WASHINGTON (Reuters) - U.S. intelligence believes fallout from global climate change over the next 20 years will boost global instability and may place new burdens on U.S. military forces, according to a report delivered to Congress on Wednesday.
U.S. military personnel prepare to load supplies into a military transport plane on the border of Thailand's Chonburi and Rayong provinces, May 12, 2008. REUTERS/Sukree Sukplang
Climate change may spur increased migrations and heightened disputes over water in sub-Saharan Africa, the Middle East and Central and Southeast Asia, the report said.
U.S. intelligence painted a mixed picture of the dangers. It said climate change alone was unlikely to trigger the collapse of any country. But it predicted aggravated poverty, social tensions, environmental degradation and the weakening of political institutions.
“As climate changes spur more humanitarian emergencies, the international community’s capacity to respond will be increasingly strained,” Thomas Fingar, deputy director of national intelligence for analysis, said in outlining the findings to two House of Representatives committees.
He said the United States in particular will be called upon to respond.
Such humanitarian responses may “significantly tax U.S. military transportation and support force structures, resulting in a strained readiness posture and decreased strategic depth for combat operations,” Fingar said in prepared testimony.

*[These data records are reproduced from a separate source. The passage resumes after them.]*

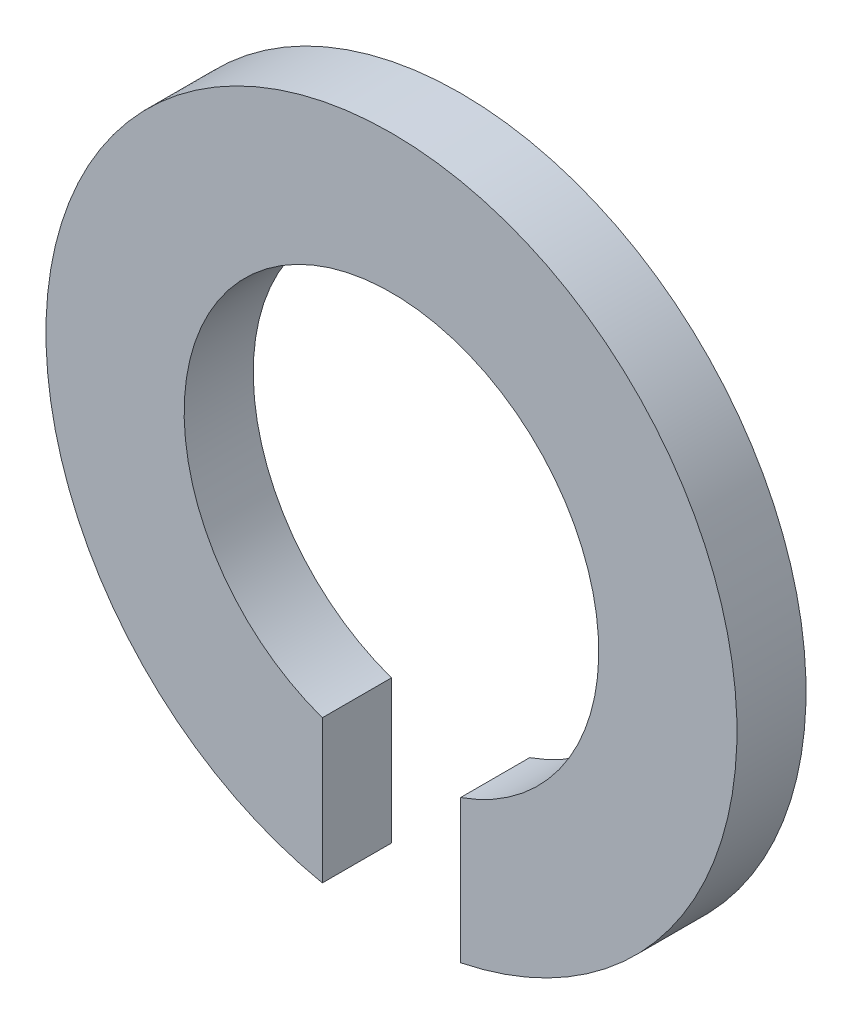
ISO-10303-21;
HEADER;
FILE_DESCRIPTION(('STEP AP214'),'2;1');
FILE_NAME('part.step','',(''),(''),'','','');
FILE_SCHEMA(('AUTOMOTIVE_DESIGN { 1 0 10303 214 1 1 1 1 }'));
ENDSEC;
DATA;
#1=APPLICATION_CONTEXT('core data for automotive mechanical design processes');
#2=APPLICATION_PROTOCOL_DEFINITION('international standard','automotive_design',2000,#1);
#3=PRODUCT_CONTEXT('',#1,'mechanical');
#4=PRODUCT('Part','Part','',(#3));
#5=PRODUCT_RELATED_PRODUCT_CATEGORY('part','',(#4));
#6=PRODUCT_DEFINITION_FORMATION('','',#4);
#7=PRODUCT_DEFINITION_CONTEXT('part definition',#1,'design');
#8=PRODUCT_DEFINITION('design','',#6,#7);
#9=PRODUCT_DEFINITION_SHAPE('','',#8);
#10=(LENGTH_UNIT() NAMED_UNIT(*) SI_UNIT(.MILLI.,.METRE.));
#11=(NAMED_UNIT(*) PLANE_ANGLE_UNIT() SI_UNIT($,.RADIAN.));
#12=(NAMED_UNIT(*) SI_UNIT($,.STERADIAN.) SOLID_ANGLE_UNIT());
#13=UNCERTAINTY_MEASURE_WITH_UNIT(LENGTH_MEASURE(1.E-05),#10,'distance_accuracy_value','');
#14=(GEOMETRIC_REPRESENTATION_CONTEXT(3) GLOBAL_UNCERTAINTY_ASSIGNED_CONTEXT((#13)) GLOBAL_UNIT_ASSIGNED_CONTEXT((#10,
#11,#12)) REPRESENTATION_CONTEXT('',''));
#15=CARTESIAN_POINT('',(0.,0.,0.));
#16=DIRECTION('',(0.,0.,1.));
#17=DIRECTION('',(1.,0.,0.));
#18=AXIS2_PLACEMENT_3D('',#15,#16,#17);
#19=CARTESIAN_POINT('',(0.,0.,0.5));
#20=DIRECTION('',(0.,0.,-1.));
#21=DIRECTION('',(-1.,0.,0.));
#22=AXIS2_PLACEMENT_3D('',#19,#20,#21);
#23=CYLINDRICAL_SURFACE('',#22,2.5);
#24=CARTESIAN_POINT('',(0.,0.,0.));
#25=DIRECTION('',(0.,0.,1.));
#26=DIRECTION('',(1.,0.,0.));
#27=AXIS2_PLACEMENT_3D('',#24,#25,#26);
#28=CIRCLE('',#27,2.5);
#29=CARTESIAN_POINT('',(0.5,-2.44948974278318,0.));
#30=VERTEX_POINT('',#29);
#31=CARTESIAN_POINT('',(-0.499999999999999,-2.44948974278318,0.));
#32=VERTEX_POINT('',#31);
#33=EDGE_CURVE('E113',#30,#32,#28,.T.);
#34=ORIENTED_EDGE('',*,*,#33,.T.);
#35=DIRECTION('',(0.,0.,-1.));
#36=VECTOR('',#35,1.);
#37=CARTESIAN_POINT('',(-0.499999999999999,-2.44948974278318,0.5));
#38=LINE('',#37,#36);
#39=CARTESIAN_POINT('',(-0.499999999999999,-2.44948974278318,0.5));
#40=VERTEX_POINT('',#39);
#41=EDGE_CURVE('E11',#40,#32,#38,.T.);
#42=ORIENTED_EDGE('',*,*,#41,.F.);
#43=CARTESIAN_POINT('',(0.,0.,0.5));
#44=DIRECTION('',(0.,0.,1.));
#45=DIRECTION('',(1.,0.,0.));
#46=AXIS2_PLACEMENT_3D('',#43,#44,#45);
#47=CIRCLE('',#46,2.5);
#48=CARTESIAN_POINT('',(0.5,-2.44948974278318,0.5));
#49=VERTEX_POINT('',#48);
#50=EDGE_CURVE('E97',#49,#40,#47,.T.);
#51=ORIENTED_EDGE('',*,*,#50,.F.);
#52=DIRECTION('',(0.,0.,-1.));
#53=VECTOR('',#52,1.);
#54=CARTESIAN_POINT('',(0.5,-2.44948974278318,0.5));
#55=LINE('',#54,#53);
#56=EDGE_CURVE('E109',#49,#30,#55,.T.);
#57=ORIENTED_EDGE('',*,*,#56,.T.);
#58=EDGE_LOOP('',(#34,#42,#51,#57));
#59=FACE_BOUND('',#58,.T.);
#60=ADVANCED_FACE('F45',(#59),#23,.T.);
#61=CARTESIAN_POINT('',(-0.499999999999999,-2.44948974278318,0.5));
#62=DIRECTION('',(-1.,0.,0.));
#63=DIRECTION('',(0.,0.,1.));
#64=AXIS2_PLACEMENT_3D('',#61,#62,#63);
#65=PLANE('',#64);
#66=DIRECTION('',(0.,1.,0.));
#67=VECTOR('',#66,1.);
#68=CARTESIAN_POINT('',(-0.499999999999999,-2.44948974278318,0.));
#69=LINE('',#68,#67);
#70=CARTESIAN_POINT('',(-0.499999999999999,-1.4142135623731,0.));
#71=VERTEX_POINT('',#70);
#72=EDGE_CURVE('E102',#32,#71,#69,.T.);
#73=ORIENTED_EDGE('',*,*,#72,.T.);
#74=DIRECTION('',(0.,0.,-1.));
#75=VECTOR('',#74,1.);
#76=CARTESIAN_POINT('',(-0.499999999999999,-1.4142135623731,0.5));
#77=LINE('',#76,#75);
#78=CARTESIAN_POINT('',(-0.499999999999999,-1.4142135623731,0.5));
#79=VERTEX_POINT('',#78);
#80=EDGE_CURVE('E54',#79,#71,#77,.T.);
#81=ORIENTED_EDGE('',*,*,#80,.F.);
#82=DIRECTION('',(0.,1.,0.));
#83=VECTOR('',#82,1.);
#84=CARTESIAN_POINT('',(-0.499999999999999,-2.44948974278318,0.5));
#85=LINE('',#84,#83);
#86=EDGE_CURVE('E92',#40,#79,#85,.T.);
#87=ORIENTED_EDGE('',*,*,#86,.F.);
#88=ORIENTED_EDGE('',*,*,#41,.T.);
#89=EDGE_LOOP('',(#73,#81,#87,#88));
#90=FACE_BOUND('',#89,.T.);
#91=ADVANCED_FACE('F101',(#90),#65,.F.);
#92=CARTESIAN_POINT('',(0.,0.,0.5));
#93=DIRECTION('',(0.,0.,-1.));
#94=DIRECTION('',(-1.,0.,0.));
#95=AXIS2_PLACEMENT_3D('',#92,#93,#94);
#96=CYLINDRICAL_SURFACE('',#95,1.5);
#97=CARTESIAN_POINT('',(0.,0.,0.));
#98=DIRECTION('',(0.,0.,-1.));
#99=DIRECTION('',(1.,0.,0.));
#100=AXIS2_PLACEMENT_3D('',#97,#98,#99);
#101=CIRCLE('',#100,1.5);
#102=CARTESIAN_POINT('',(0.499999999999999,-1.41421356237309,0.));
#103=VERTEX_POINT('',#102);
#104=EDGE_CURVE('E79',#71,#103,#101,.T.);
#105=ORIENTED_EDGE('',*,*,#104,.T.);
#106=DIRECTION('',(0.,0.,-1.));
#107=VECTOR('',#106,1.);
#108=CARTESIAN_POINT('',(0.499999999999999,-1.41421356237309,0.5));
#109=LINE('',#108,#107);
#110=CARTESIAN_POINT('',(0.499999999999999,-1.41421356237309,0.5));
#111=VERTEX_POINT('',#110);
#112=EDGE_CURVE('E104',#111,#103,#109,.T.);
#113=ORIENTED_EDGE('',*,*,#112,.F.);
#114=CARTESIAN_POINT('',(0.,0.,0.5));
#115=DIRECTION('',(0.,0.,-1.));
#116=DIRECTION('',(1.,0.,0.));
#117=AXIS2_PLACEMENT_3D('',#114,#115,#116);
#118=CIRCLE('',#117,1.5);
#119=EDGE_CURVE('E95',#79,#111,#118,.T.);
#120=ORIENTED_EDGE('',*,*,#119,.F.);
#121=ORIENTED_EDGE('',*,*,#80,.T.);
#122=EDGE_LOOP('',(#105,#113,#120,#121));
#123=FACE_BOUND('',#122,.T.);
#124=ADVANCED_FACE('F105',(#123),#96,.F.);
#125=CARTESIAN_POINT('',(0.5,-2.44948974278318,0.5));
#126=DIRECTION('',(1.,0.,0.));
#127=DIRECTION('',(0.,1.,0.));
#128=AXIS2_PLACEMENT_3D('',#125,#126,#127);
#129=PLANE('',#128);
#130=DIRECTION('',(0.,-1.,0.));
#131=VECTOR('',#130,1.);
#132=CARTESIAN_POINT('',(0.5,-2.44948974278318,0.));
#133=LINE('',#132,#131);
#134=EDGE_CURVE('E85',#103,#30,#133,.T.);
#135=ORIENTED_EDGE('',*,*,#134,.T.);
#136=ORIENTED_EDGE('',*,*,#56,.F.);
#137=DIRECTION('',(0.,-1.,0.));
#138=VECTOR('',#137,1.);
#139=CARTESIAN_POINT('',(0.5,-2.44948974278318,0.5));
#140=LINE('',#139,#138);
#141=EDGE_CURVE('E62',#111,#49,#140,.T.);
#142=ORIENTED_EDGE('',*,*,#141,.F.);
#143=ORIENTED_EDGE('',*,*,#112,.T.);
#144=EDGE_LOOP('',(#135,#136,#142,#143));
#145=FACE_BOUND('',#144,.T.);
#146=ADVANCED_FACE('F126',(#145),#129,.F.);
#147=CARTESIAN_POINT('',(0.,0.,0.5));
#148=DIRECTION('',(0.,0.,1.));
#149=DIRECTION('',(1.,0.,0.));
#150=AXIS2_PLACEMENT_3D('',#147,#148,#149);
#151=PLANE('',#150);
#152=ORIENTED_EDGE('',*,*,#50,.T.);
#153=ORIENTED_EDGE('',*,*,#86,.T.);
#154=ORIENTED_EDGE('',*,*,#119,.T.);
#155=ORIENTED_EDGE('',*,*,#141,.T.);
#156=EDGE_LOOP('',(#152,#153,#154,#155));
#157=FACE_BOUND('',#156,.T.);
#158=ADVANCED_FACE('F93',(#157),#151,.T.);
#159=CARTESIAN_POINT('',(0.,0.,0.));
#160=DIRECTION('',(0.,0.,1.));
#161=DIRECTION('',(1.,0.,0.));
#162=AXIS2_PLACEMENT_3D('',#159,#160,#161);
#163=PLANE('',#162);
#164=ORIENTED_EDGE('',*,*,#33,.F.);
#165=ORIENTED_EDGE('',*,*,#134,.F.);
#166=ORIENTED_EDGE('',*,*,#104,.F.);
#167=ORIENTED_EDGE('',*,*,#72,.F.);
#168=EDGE_LOOP('',(#164,#165,#166,#167));
#169=FACE_BOUND('',#168,.T.);
#170=ADVANCED_FACE('F129',(#169),#163,.F.);
#171=CLOSED_SHELL('',(#60,#91,#124,#146,#158,#170));
#172=MANIFOLD_SOLID_BREP('B2',#171);
#173=ADVANCED_BREP_SHAPE_REPRESENTATION('',(#18,#172),#14);
#174=SHAPE_DEFINITION_REPRESENTATION(#9,#173);
ENDSEC;
END-ISO-10303-21;

The study predicted harsher climates would prompt more people to try to migrate “sooner rather than later,” both within nations and from poorer to richer countries.
In sub-Saharan Africa, yields from some rainfall-dependent crops could be halved by 2020, the survey said.
Without food aid, sub-Saharan Africa likely will face increased instability, particularly violent ethnic clashes over land ownership, it said.
CROP YIELDS TO GROW
By contrast, net cereal crop yields in most of North America likely will increase five to 20 percent, the report said.
The assessment said U.S. overall leadership in the global arena will be judged “by the extent to which it is perceived as forging a viable and effective global consensus for tackling climate change.”
At issue, it said, is helping to set meaningful long-term goals for reduced greenhouse gas emissions, technological progress toward curbing the impact of climate change and support for “climate migrants.”
The study, known as a national intelligence assessment, looked at the security implications of climate change to 2030.
Fingar said 2030 was chosen because it was “far enough out to have witnessed climate-induced changes to the physical and biological worlds, yet close enough to allow judgments about the likely impact of such changes.”
Fingar also serves as chairman of the National Intelligence Council, the intelligence community’s cradle of strategic thinking. He made his comments to the House Intelligence Committee and Select Committee on Energy Independence and Global Warming.
The assessment assumes the climate will change as forecast by the United Nations Intergovernmental Panel on Climate Change Fourth Assessment Report, approved in Valencia, Spain, in November 2007.
To reach its conclusions, the intelligence community depended on open sources, not spies, “and greatly leveraged outside expertise,” Fingar said.